Emilio gets it. There’s a great shot of him on the canvas after being knocked out for the first time. It’s obviously not on display here, but I’ve seen it, and I can relate. It’s that what-the-fuck-just-happened expression; not so much fear, but that slow, sad dawning of the recognition that you’ve just run into your own limitations, as his executioner strutted above him. But I love Emilio’s balls; he’d opted for a warrior pro strike pad rather than full shield, which meant he had to be quick to protect himself from the combos he shouted at me to execute. His nostrils flared, with his face set in blazing concentration, as I unleashed a series of blows and kicks at him.

When we wound up, I had my first session with Annette Cushing, who impressively maintained her composure as she entered the cavernous building. Most Bodysculpt clients would never have made it through those doors. I took her over to one of the heavy bags, and showed her how to wrap her hands. Then we had a good fifteen-minute warm-up, before I demonstrated the basic fighting stance and steps. I had her shadowboxing in the mirror with me for ten. Then I showed her the range of blows and kicks on the bags, working her up to high intensity, only stopping to refine her technique. We finished with some abdominal conditioning exercises and stretching out. Annette was drained, the sweat bursting from her.
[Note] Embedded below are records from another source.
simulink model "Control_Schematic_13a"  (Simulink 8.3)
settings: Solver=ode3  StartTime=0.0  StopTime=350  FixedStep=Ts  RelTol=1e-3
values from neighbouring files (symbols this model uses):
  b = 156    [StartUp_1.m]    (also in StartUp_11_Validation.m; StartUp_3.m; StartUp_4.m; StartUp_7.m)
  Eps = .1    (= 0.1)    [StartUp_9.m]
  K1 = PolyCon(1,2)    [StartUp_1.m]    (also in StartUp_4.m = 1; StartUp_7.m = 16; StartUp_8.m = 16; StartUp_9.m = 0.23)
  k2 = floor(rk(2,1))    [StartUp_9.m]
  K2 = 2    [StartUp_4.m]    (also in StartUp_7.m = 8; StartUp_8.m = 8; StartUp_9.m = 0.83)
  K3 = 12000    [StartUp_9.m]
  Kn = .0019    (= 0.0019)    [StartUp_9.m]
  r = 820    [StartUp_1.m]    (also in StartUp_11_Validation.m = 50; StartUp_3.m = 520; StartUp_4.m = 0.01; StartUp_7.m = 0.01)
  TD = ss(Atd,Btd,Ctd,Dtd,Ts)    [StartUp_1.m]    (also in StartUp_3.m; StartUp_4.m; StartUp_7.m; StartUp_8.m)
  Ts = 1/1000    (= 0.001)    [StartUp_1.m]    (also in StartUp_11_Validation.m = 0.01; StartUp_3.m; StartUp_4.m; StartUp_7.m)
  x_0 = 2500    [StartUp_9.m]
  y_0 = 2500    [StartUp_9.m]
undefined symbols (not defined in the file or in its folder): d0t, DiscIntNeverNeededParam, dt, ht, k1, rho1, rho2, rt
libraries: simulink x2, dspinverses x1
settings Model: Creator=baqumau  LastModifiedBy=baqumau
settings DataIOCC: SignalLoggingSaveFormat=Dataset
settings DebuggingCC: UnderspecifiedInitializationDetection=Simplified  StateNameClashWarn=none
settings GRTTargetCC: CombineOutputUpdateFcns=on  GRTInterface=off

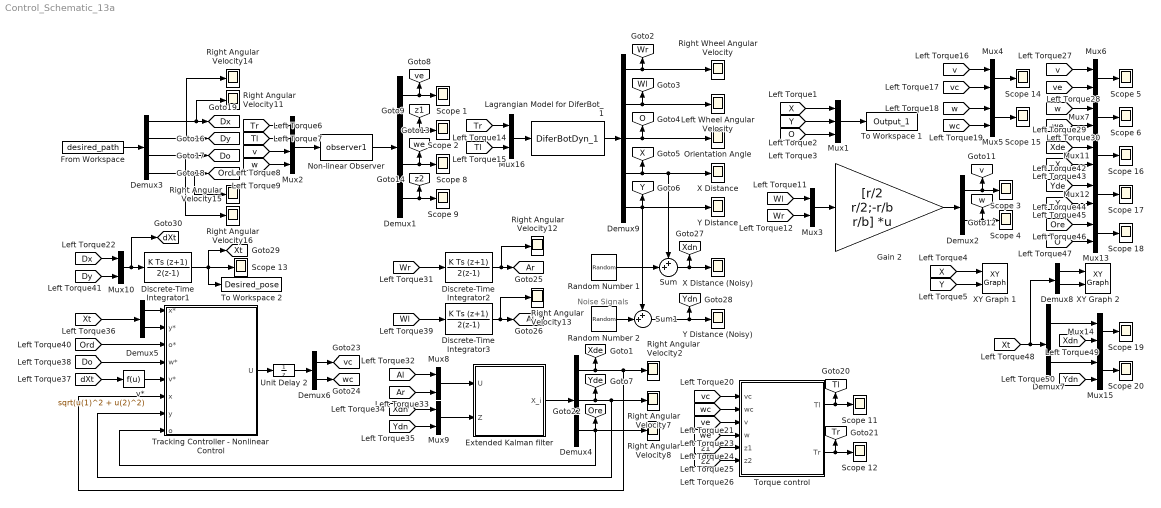
== system Control_Schematic_13a ==
  note: Noise Signals
  Demux1 : Demux
  Demux{2,5..8} (5 alike) : Demux  Outputs=2
  Demux3 : Demux
  Demux4 : Demux  Outputs=3
  Demux9 : Demux  Outputs=5
  Discrete-Time Integrator1 : DiscreteIntegrator  IntegratorMethod=Integration: Trapezoidal  gainval=1  InitialCondition=[x_0,y_0]'  SampleTime=Ts  ICPrevOutput=DiscIntNeverNeededParam  ICPrevScaledInput=DiscIntNeverNeededParam
  Discrete-Time Integrator2 : DiscreteIntegrator  IntegratorMethod=Integration: Trapezoidal  gainval=1  SampleTime=Ts  ICPrevOutput=DiscIntNeverNeededParam  ICPrevScaledInput=DiscIntNeverNeededParam
  Discrete-Time Integrator3 : DiscreteIntegrator  IntegratorMethod=Integration: Trapezoidal  gainval=1  SampleTime=Ts  ICPrevOutput=DiscIntNeverNeededParam  ICPrevScaledInput=DiscIntNeverNeededParam
  Extended Kalman filter : Subsystem
  From Workspace : FromWorkspace  VariableName=desired_path  SampleTime=Ts  OutputAfterFinalValue=Holding final value
  Gain 2 : Gain  Gain=[r/2 r/2;-r/b r/b]  Multiplication=Matrix(K*u)
  Lagrangian Model for DiferBot_1 : S-Function  FunctionName=DiferBotDyn_1  Parameters=par  EnableBusSupport=off
  Left Wheel Angular Velocity : Scope
      settings: YMin=-1  YMax=1  SaveName=ScopeData2
  Mux1 : Mux  Inputs=3
  Mux{3..16} (14 alike) : Mux  Inputs=2
  Mux2 : Mux
  Non-linear Observer : S-Function  FunctionName=observer1  Parameters=par  EnableBusSupport=off
  Orientation Angle : Scope
      settings: YMin=-3  YMax=3
  Random Number 1 : RandomNumber  Variance=.5  Seed=6  SampleTime=Ts
  Random Number 2 : RandomNumber  Variance=.5  Seed=8  SampleTime=Ts
  Right Angular Velocity{2,7..8,11..16} (9 alike) : Scope
      Right Angular Velocity11 settings: YMin=0  YMax=4500  SaveName=ScopeData17
      Right Angular Velocity12 settings: YMin=-3  YMax=30  SaveName=ScopeData39
      Right Angular Velocity13 settings: YMin=-3  YMax=3  SaveName=ScopeData40
      Right Angular Velocity14 settings: TimeRange=500  YMin=0  YMax=4500  SaveName=ScopeData20
      Right Angular Velocity15 settings: YMin=-3.141592653589793  YMax=3.141592653589793  SaveName=ScopeData15
      Right Angular Velocity16 settings: YMin=-0.1  YMax=-0.1  SaveName=ScopeData16
      Right Angular Velocity2 settings: YMin=2400  YMax=2600  SaveName=ScopeData35
      Right Angular Velocity7 settings: YMin=0  YMax=5000  SaveName=ScopeData36
      Right Angular Velocity8 settings: YMin=-3.141592653589793  YMax=3.141592653589793  SaveName=ScopeData37
  Right Wheel Angular Velocity : Scope
      settings: YMin=-1  YMax=20  SaveName=ScopeData3
  Scope {1..6,8..9,11..20} (18 alike) : Scope
      Scope 1 settings: YMin=0  YMax=5000  SaveName=ScopeData5
      Scope 11 settings: YMin=-20  YMax=20  SaveName=ScopeData24
      Scope 12 settings: YMin=-15  YMax=15  SaveName=ScopeData25
      Scope 13 settings: YMin=100  YMax=5000  SaveName=ScopeData42
      Scope 14 settings: YMin=-150  YMax=150  SaveName=ScopeData18
      Scope 15 settings: YMin=-2  YMax=2  SaveName=ScopeData19
      Scope 16 settings: YMin=0  YMax=5000  SaveName=ScopeData43
      Scope 17 settings: YMin=0  YMax=10000  SaveName=ScopeData46
      Scope 18 settings: YMin=-10  YMax=1.1  SaveName=ScopeData51
      Scope 19 settings: YMin=0  YMax=5000  SaveName=ScopeData52
      Scope 2 settings: YMin=-100  YMax=200  SaveName=ScopeData6
      Scope 20 settings: YMin=0  YMax=5000  SaveName=ScopeData53
      Scope 3 settings: YMin=0  YMax=5000  SaveName=ScopeData10
      Scope 4 settings: YMin=0  YMax=5000  SaveName=ScopeData11
      Scope 5 settings: YMin=-150  YMax=500  SaveName=ScopeData28
      Scope 6 settings: SaveName=ScopeData29
      Scope 8 settings: YMin=-1  YMax=1  SaveName=ScopeData12
      Scope 9 settings: TimeRange=388  YMin=-6  YMax=6  SaveName=ScopeData14
  Sum : Sum  Inputs=++|
  Sum1 : Sum  Inputs=++|
  To Workspace 1 : ToWorkspace  VariableName=Output_1  SaveFormat=Structure With Time  SampleTime=-1
  To Workspace 2 : ToWorkspace  VariableName=Desired_pose  SaveFormat=Structure With Time  SampleTime=-1
  Torque control : Subsystem
  Tracking Controller - Nonlinear Control : Subsystem
  Unit Delay 2 : UnitDelay  SampleTime=-1
  X Distance : Scope
      settings: YMin=0  YMax=5000  SaveName=ScopeData4
  X Distance (Noisy) : Scope
      settings: YMin=0  YMax=2600  SaveName=ScopeData38
  XY Graph 1 : simulink/Sinks/XY Graph  xmin=0  xmax=5000  ymin=0  ymax=5000  st=-1
  XY Graph 2 : simulink/Sinks/XY Graph  xmin=0  xmax=5000  ymin=0  ymax=5000  st=-1
  Y Distance : Scope
      settings: YMin=0  YMax=5000
  Y Distance (Noisy) : Scope
      settings: YMin=0  YMax=2600  SaveName=ScopeData41
  v* : Fcn  Expr=sqrt(u(1)^2 + u(2)^2)
  tag scope: Al=global, Ar=global, Do=global, Dx=global, Dy=global, O=global, Ord=global, Ore=global, Tl=global, Tr=global, Wl=global, Wr=global, X=global, Xde=global, Xdn=global, Xt=global, Y=global, Yde=global, Ydn=global, dXt=global, v=global, vc=global, ve=global, w=global, wc=global, we=global, z1=global, z2=global
  wires:
  Demux9/1 -> Right Wheel Angular Velocity/1, [Wr]
  Demux9/2 -> Left Wheel Angular Velocity/1, [Wl]
  Demux9/3 -> Orientation Angle/1, [O]
  [X] -> Mux1/1
  [Y] -> Mux1/2
  [O] -> Mux1/3
  Mux1/1 -> To Workspace 1/1
  [X] -> XY Graph 1/1
  [Y] -> XY Graph 1/2
  [Wl] -> Mux3/1
  [Wr] -> Mux3/2
  Mux3/1 -> Gain 2/1
  Gain 2/1 -> Demux2/1
  Demux2/2 -> Scope 4/1, [w]
  Demux2/1 -> Scope 3/1, [v]
  Mux2/1 -> Non-linear Observer/1
  [Tr] -> Mux2/1
  [Tl] -> Mux2/2
  [v] -> Mux2/3
  [w] -> Mux2/4
  Non-linear Observer/1 -> Demux1/1
  Demux1/2 -> [z1], Scope 2/1
  Demux1/1 -> [ve], Scope 1/1
  Demux1/4 -> [z2], Scope 9/1
  [vc] -> Mux4/2
  [v] -> Mux4/1
  Mux4/1 -> Scope 14/1
  [wc] -> Mux5/2
  [w] -> Mux5/1
  Mux5/1 -> Scope 15/1
  Demux3/1 -> Right Angular Velocity11/1, [Dx]
  Demux3/2 -> Right Angular Velocity14/1, [Dy]
  Demux3/3 -> Right Angular Velocity16/1, [Do]
  Demux3/4 -> Right Angular Velocity15/1, [Ord]
  From Workspace/1 -> Demux3/1
  [vc] -> Torque control/1(vc)
  [wc] -> Torque control/2(wc)
  [ve] -> Torque control/3(v)
  [we] -> Torque control/4(w)
  [z1] -> Torque control/5(z1)
  [z2] -> Torque control/6(z2)
  Torque control/2(Tr) -> [Tr], Scope 12/1
  Torque control/1(Tl) -> [Tl], Scope 11/1
  [Tr] -> Mux16/1
  [ve] -> Mux6/2
  [v] -> Mux6/1
  Mux6/1 -> Scope 5/1
  [we] -> Mux7/2
  [w] -> Mux7/1
  Mux7/1 -> Scope 6/1
  [Ar] -> Mux8/2
  [Al] -> Mux8/1
  [Ydn] -> Mux9/2
  [Xdn] -> Mux9/1
  Mux8/1 -> Extended Kalman filter/1(U)
  Mux9/1 -> Extended Kalman filter/2(Z)
  Demux4/2 -> [Yde], Tracking Controller - Nonlinear Control/7(y), Right Angular Velocity7/1
  Demux4/3 -> Tracking Controller - Nonlinear Control/8(o), [Ore], Right Angular Velocity8/1
  Demux4/1 -> [Xde], Tracking Controller - Nonlinear Control/6(x), Right Angular Velocity2/1
  Demux6/2 -> [wc]
  Demux6/1 -> [vc]
  Discrete-Time Integrator2/1 -> Right Angular Velocity12/1, [Ar]
  [Wr] -> Discrete-Time Integrator2/1
  Discrete-Time Integrator3/1 -> Right Angular Velocity13/1, [Al]
  [Wl] -> Discrete-Time Integrator3/1
  Tracking Controller - Nonlinear Control/1(U) -> Unit Delay 2/1
  Demux5/1 -> Tracking Controller - Nonlinear Control/1(x*)
  Demux5/2 -> Tracking Controller - Nonlinear Control/2(y*)
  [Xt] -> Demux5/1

And also as high as a crack whore with a winning lotto ticket in her purse. — I’ve never had a workout like that before, Lucy. It’s the whole package!

Music to my ears, as I knew Mona, with her femme-girl Pilates, would be livid. So all good. We arranged another appointment before Grace Carillo came in and we trained together on the weights and bar.

Showering afterward, I tried not to think of Grace’s pussy (shaved, I imagined, with the shocking-pink interior spread open, contrasting nicely with the ebony skin), then went for a juice with Emilio before heading off.

So I get back home, there are no photographers or journos in sight, and I try to get into
The Biggest Loser
repeats (sometimes Bob and Jillian have the patience of saints) but kept wondering about Miles and if he’s fucking Sorenson.

I get the vibrator out, hellbent on pussy satiation but, frustratingly, I’m too distracted to get into it. Even for
Terminator 2
, perennially in my DVD player, which is the finest film ever fucking made, and one of the best feminist movies of all time. Forget the shrivel-dicked steroid monster; Linda Hamilton is the epitome of demented, badass cool. That anorexic fake-assed bitch who replaced Hamilton in the Connor role for the TV series: no fucking way, man. Those puny limbs never hauled that body up on an overhead bar. Notice how the pull-ups and chin-ups are never done in long shot. Give us a fucking break, broadcasters!